ACTION ITEM ->
Some lines in the entries contain the word "Plane". Copy all of them.

=== EXTRACTED INFORMATION ===

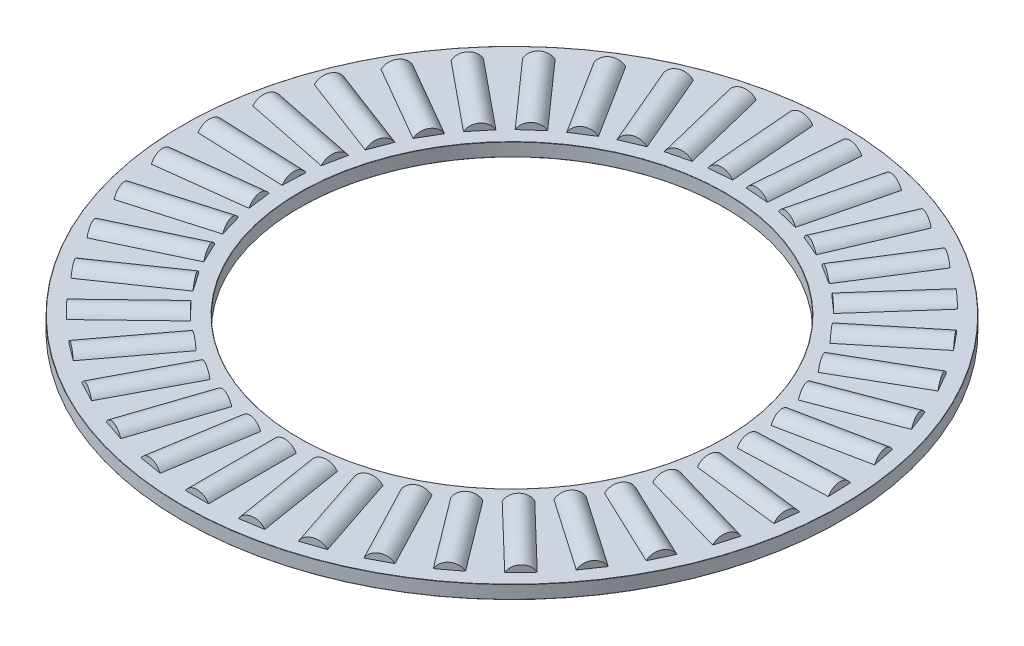
from build123d import *

# Parameters (mm, degrees)
SKETCH1_W         = 8.73125
SKETCH1_H         = 0.9921875
SKETCH3_W         = 6.5484375
SKETCH3_H         = 0.9921875
SKETCH2_W         = 6.5484375
SKETCH2_H         = 0.9921875
CIRPATTERN1_COUNT = 39
CIRPATTERN1_ANGLE = 350.769230769
CIRPATTERN2_COUNT = 39
FILLET2_R         = 0.01984375


with BuildPart() as part:
    # Sketch1 → Revolve1 (revolve)
    with BuildSketch(Plane(origin=(0, 0, 0), x_dir=(0, 0, -1), z_dir=(1, 0, 0)), mode=Mode.PRIVATE) as revolve1_sk:
        with Locations((-20.240625, 0)):
            Rectangle(SKETCH1_W, SKETCH1_H)
    revolve(revolve1_sk.sketch.rotate(Axis((0, -0.9921875, 0), (0, 1, 0)), 180), axis=Axis((0, -0.9921875, 0), (0, 1, 0)))

    # Sketch3 → Cut-Revolve1 (revolve, cut)
    with BuildSketch(Plane(origin=(0, 0, 0), x_dir=(0, 0, -1), z_dir=(1, 0, 0))):
        with Locations((-20.240625, 0.49609375)):
            Rectangle(SKETCH3_W, SKETCH3_H)
    cut_revolve1 = revolve(axis=Axis((0, 0, 23.51484375), (0, 0, -1)), mode=Mode.SUBTRACT)

    # CirPattern2: Cut-Revolve1 ×39 about axis
    cirpattern2_axis = Axis((0, 0, 0), (0, 1, 0))
    for i in range(1, CIRPATTERN2_COUNT):
        add(cut_revolve1.rotate(cirpattern2_axis, i * 360 / CIRPATTERN2_COUNT), mode=Mode.SUBTRACT)

    # Fillet2
    fillet2_edges = [part.edges().sort_by_distance(p)[0] for p in [
        (0, 0.49609375, 24.60625),
        (0, 0.49609375, 15.875),
        (0, -0.49609375, 15.875),
        (0, -0.49609375, 24.60625),
    ]]
    fillet(fillet2_edges, radius=FILLET2_R)


with BuildPart() as body_2:
    # Sketch2 → Revolve2 (revolve)
    with BuildSketch(Plane(origin=(0, 0, 0), x_dir=(0, 0, -1), z_dir=(1, 0, 0)), mode=Mode.PRIVATE) as revolve2_sk:
        with Locations((-20.240625, 0.49609375)):
            Rectangle(SKETCH2_W, SKETCH2_H)
    revolve(revolve2_sk.sketch.rotate(Axis((0, 0, 23.51484375), (0, 0, -1)), 90), axis=Axis((0, 0, 23.51484375), (0, 0, -1)))


with BuildPart() as cirpattern1_1:
    # CirPattern1: pattern copy
    add(body_2.part.rotate(Axis((0, 0.9921875, 0), (0, -1, 0)), 1 * CIRPATTERN1_ANGLE / (CIRPATTERN1_COUNT - 1)))


with BuildPart() as cirpattern1_2:
    # CirPattern1: pattern copy
    add(body_2.part.rotate(Axis((0, 0.9921875, 0), (0, -1, 0)), 2 * CIRPATTERN1_ANGLE / (CIRPATTERN1_COUNT - 1)))


with BuildPart() as cirpattern1_3:
    # CirPattern1: pattern copy
    add(body_2.part.rotate(Axis((0, 0.9921875, 0), (0, -1, 0)), 3 * CIRPATTERN1_ANGLE / (CIRPATTERN1_COUNT - 1)))


with BuildPart() as cirpattern1_4:
    # CirPattern1: pattern copy
    add(body_2.part.rotate(Axis((0, 0.9921875, 0), (0, -1, 0)), 4 * CIRPATTERN1_ANGLE / (CIRPATTERN1_COUNT - 1)))


with BuildPart() as cirpattern1_5:
    # CirPattern1: pattern copy
    add(body_2.part.rotate(Axis((0, 0.9921875, 0), (0, -1, 0)), 5 * CIRPATTERN1_ANGLE / (CIRPATTERN1_COUNT - 1)))


with BuildPart() as cirpattern1_6:
    # CirPattern1: pattern copy
    add(body_2.part.rotate(Axis((0, 0.9921875, 0), (0, -1, 0)), 6 * CIRPATTERN1_ANGLE / (CIRPATTERN1_COUNT - 1)))


with BuildPart() as cirpattern1_7:
    # CirPattern1: pattern copy
    add(body_2.part.rotate(Axis((0, 0.9921875, 0), (0, -1, 0)), 7 * CIRPATTERN1_ANGLE / (CIRPATTERN1_COUNT - 1)))


with BuildPart() as cirpattern1_8:
    # CirPattern1: pattern copy
    add(body_2.part.rotate(Axis((0, 0.9921875, 0), (0, -1, 0)), 8 * CIRPATTERN1_ANGLE / (CIRPATTERN1_COUNT - 1)))


with BuildPart() as cirpattern1_9:
    # CirPattern1: pattern copy
    add(body_2.part.rotate(Axis((0, 0.9921875, 0), (0, -1, 0)), 9 * CIRPATTERN1_ANGLE / (CIRPATTERN1_COUNT - 1)))


with BuildPart() as cirpattern1_10:
    # CirPattern1: pattern copy
    add(body_2.part.rotate(Axis((0, 0.9921875, 0), (0, -1, 0)), 10 * CIRPATTERN1_ANGLE / (CIRPATTERN1_COUNT - 1)))


with BuildPart() as cirpattern1_11:
    # CirPattern1: pattern copy
    add(body_2.part.rotate(Axis((0, 0.9921875, 0), (0, -1, 0)), 11 * CIRPATTERN1_ANGLE / (CIRPATTERN1_COUNT - 1)))


with BuildPart() as cirpattern1_12:
    # CirPattern1: pattern copy
    add(body_2.part.rotate(Axis((0, 0.9921875, 0), (0, -1, 0)), 12 * CIRPATTERN1_ANGLE / (CIRPATTERN1_COUNT - 1)))


with BuildPart() as cirpattern1_13:
    # CirPattern1: pattern copy
    add(body_2.part.rotate(Axis((0, 0.9921875, 0), (0, -1, 0)), 13 * CIRPATTERN1_ANGLE / (CIRPATTERN1_COUNT - 1)))


with BuildPart() as cirpattern1_14:
    # CirPattern1: pattern copy
    add(body_2.part.rotate(Axis((0, 0.9921875, 0), (0, -1, 0)), 14 * CIRPATTERN1_ANGLE / (CIRPATTERN1_COUNT - 1)))


with BuildPart() as cirpattern1_15:
    # CirPattern1: pattern copy
    add(body_2.part.rotate(Axis((0, 0.9921875, 0), (0, -1, 0)), 15 * CIRPATTERN1_ANGLE / (CIRPATTERN1_COUNT - 1)))


with BuildPart() as cirpattern1_16:
    # CirPattern1: pattern copy
    add(body_2.part.rotate(Axis((0, 0.9921875, 0), (0, -1, 0)), 16 * CIRPATTERN1_ANGLE / (CIRPATTERN1_COUNT - 1)))


with BuildPart() as cirpattern1_17:
    # CirPattern1: pattern copy
    add(body_2.part.rotate(Axis((0, 0.9921875, 0), (0, -1, 0)), 17 * CIRPATTERN1_ANGLE / (CIRPATTERN1_COUNT - 1)))


with BuildPart() as cirpattern1_18:
    # CirPattern1: pattern copy
    add(body_2.part.rotate(Axis((0, 0.9921875, 0), (0, -1, 0)), 18 * CIRPATTERN1_ANGLE / (CIRPATTERN1_COUNT - 1)))


with BuildPart() as cirpattern1_19:
    # CirPattern1: pattern copy
    add(body_2.part.rotate(Axis((0, 0.9921875, 0), (0, -1, 0)), 19 * CIRPATTERN1_ANGLE / (CIRPATTERN1_COUNT - 1)))


with BuildPart() as cirpattern1_20:
    # CirPattern1: pattern copy
    add(body_2.part.rotate(Axis((0, 0.9921875, 0), (0, -1, 0)), 20 * CIRPATTERN1_ANGLE / (CIRPATTERN1_COUNT - 1)))


with BuildPart() as cirpattern1_21:
    # CirPattern1: pattern copy
    add(body_2.part.rotate(Axis((0, 0.9921875, 0), (0, -1, 0)), 21 * CIRPATTERN1_ANGLE / (CIRPATTERN1_COUNT - 1)))


with BuildPart() as cirpattern1_22:
    # CirPattern1: pattern copy
    add(body_2.part.rotate(Axis((0, 0.9921875, 0), (0, -1, 0)), 22 * CIRPATTERN1_ANGLE / (CIRPATTERN1_COUNT - 1)))


with BuildPart() as cirpattern1_23:
    # CirPattern1: pattern copy
    add(body_2.part.rotate(Axis((0, 0.9921875, 0), (0, -1, 0)), 23 * CIRPATTERN1_ANGLE / (CIRPATTERN1_COUNT - 1)))


with BuildPart() as cirpattern1_24:
    # CirPattern1: pattern copy
    add(body_2.part.rotate(Axis((0, 0.9921875, 0), (0, -1, 0)), 24 * CIRPATTERN1_ANGLE / (CIRPATTERN1_COUNT - 1)))


with BuildPart() as cirpattern1_25:
    # CirPattern1: pattern copy
    add(body_2.part.rotate(Axis((0, 0.9921875, 0), (0, -1, 0)), 25 * CIRPATTERN1_ANGLE / (CIRPATTERN1_COUNT - 1)))


with BuildPart() as cirpattern1_26:
    # CirPattern1: pattern copy
    add(body_2.part.rotate(Axis((0, 0.9921875, 0), (0, -1, 0)), 26 * CIRPATTERN1_ANGLE / (CIRPATTERN1_COUNT - 1)))


with BuildPart() as cirpattern1_27:
    # CirPattern1: pattern copy
    add(body_2.part.rotate(Axis((0, 0.9921875, 0), (0, -1, 0)), 27 * CIRPATTERN1_ANGLE / (CIRPATTERN1_COUNT - 1)))


with BuildPart() as cirpattern1_28:
    # CirPattern1: pattern copy
    add(body_2.part.rotate(Axis((0, 0.9921875, 0), (0, -1, 0)), 28 * CIRPATTERN1_ANGLE / (CIRPATTERN1_COUNT - 1)))


with BuildPart() as cirpattern1_29:
    # CirPattern1: pattern copy
    add(body_2.part.rotate(Axis((0, 0.9921875, 0), (0, -1, 0)), 29 * CIRPATTERN1_ANGLE / (CIRPATTERN1_COUNT - 1)))


with BuildPart() as cirpattern1_30:
    # CirPattern1: pattern copy
    add(body_2.part.rotate(Axis((0, 0.9921875, 0), (0, -1, 0)), 30 * CIRPATTERN1_ANGLE / (CIRPATTERN1_COUNT - 1)))


with BuildPart() as cirpattern1_31:
    # CirPattern1: pattern copy
    add(body_2.part.rotate(Axis((0, 0.9921875, 0), (0, -1, 0)), 31 * CIRPATTERN1_ANGLE / (CIRPATTERN1_COUNT - 1)))


with BuildPart() as cirpattern1_32:
    # CirPattern1: pattern copy
    add(body_2.part.rotate(Axis((0, 0.9921875, 0), (0, -1, 0)), 32 * CIRPATTERN1_ANGLE / (CIRPATTERN1_COUNT - 1)))


with BuildPart() as cirpattern1_33:
    # CirPattern1: pattern copy
    add(body_2.part.rotate(Axis((0, 0.9921875, 0), (0, -1, 0)), 33 * CIRPATTERN1_ANGLE / (CIRPATTERN1_COUNT - 1)))


with BuildPart() as cirpattern1_34:
    # CirPattern1: pattern copy
    add(body_2.part.rotate(Axis((0, 0.9921875, 0), (0, -1, 0)), 34 * CIRPATTERN1_ANGLE / (CIRPATTERN1_COUNT - 1)))


with BuildPart() as cirpattern1_35:
    # CirPattern1: pattern copy
    add(body_2.part.rotate(Axis((0, 0.9921875, 0), (0, -1, 0)), 35 * CIRPATTERN1_ANGLE / (CIRPATTERN1_COUNT - 1)))


with BuildPart() as cirpattern1_36:
    # CirPattern1: pattern copy
    add(body_2.part.rotate(Axis((0, 0.9921875, 0), (0, -1, 0)), 36 * CIRPATTERN1_ANGLE / (CIRPATTERN1_COUNT - 1)))


with BuildPart() as cirpattern1_37:
    # CirPattern1: pattern copy
    add(body_2.part.rotate(Axis((0, 0.9921875, 0), (0, -1, 0)), 37 * CIRPATTERN1_ANGLE / (CIRPATTERN1_COUNT - 1)))


with BuildPart() as cirpattern1_38:
    # CirPattern1: pattern copy
    add(body_2.part.rotate(Axis((0, 0.9921875, 0), (0, -1, 0)), 38 * CIRPATTERN1_ANGLE / (CIRPATTERN1_COUNT - 1)))


solid = Compound([part.part, body_2.part, cirpattern1_1.part, cirpattern1_2.part, cirpattern1_3.part, cirpattern1_4.part, cirpattern1_5.part, cirpattern1_6.part, cirpattern1_7.part, cirpattern1_8.part, cirpattern1_9.part, cirpattern1_10.part, cirpattern1_11.part, cirpattern1_12.part, cirpattern1_13.part, cirpattern1_14.part, cirpattern1_15.part, cirpattern1_16.part, cirpattern1_17.part, cirpattern1_18.part, cirpattern1_19.part, cirpattern1_20.part, cirpattern1_21.part, cirpattern1_22.part, cirpattern1_23.part, cirpattern1_24.part, cirpattern1_25.part, cirpattern1_26.part, cirpattern1_27.part, cirpattern1_28.part, cirpattern1_29.part, cirpattern1_30.part, cirpattern1_31.part, cirpattern1_32.part, cirpattern1_33.part, cirpattern1_34.part, cirpattern1_35.part, cirpattern1_36.part, cirpattern1_37.part, cirpattern1_38.part])

===

YOUR RESPONSE ->
    with BuildSketch(Plane(origin=(0, 0, 0), x_dir=(0, 0, -1), z_dir=(1, 0, 0)), mode=Mode.PRIVATE) as revolve1_sk:
    with BuildSketch(Plane(origin=(0, 0, 0), x_dir=(0, 0, -1), z_dir=(1, 0, 0))):
    with BuildSketch(Plane(origin=(0, 0, 0), x_dir=(0, 0, -1), z_dir=(1, 0, 0)), mode=Mode.PRIVATE) as revolve2_sk:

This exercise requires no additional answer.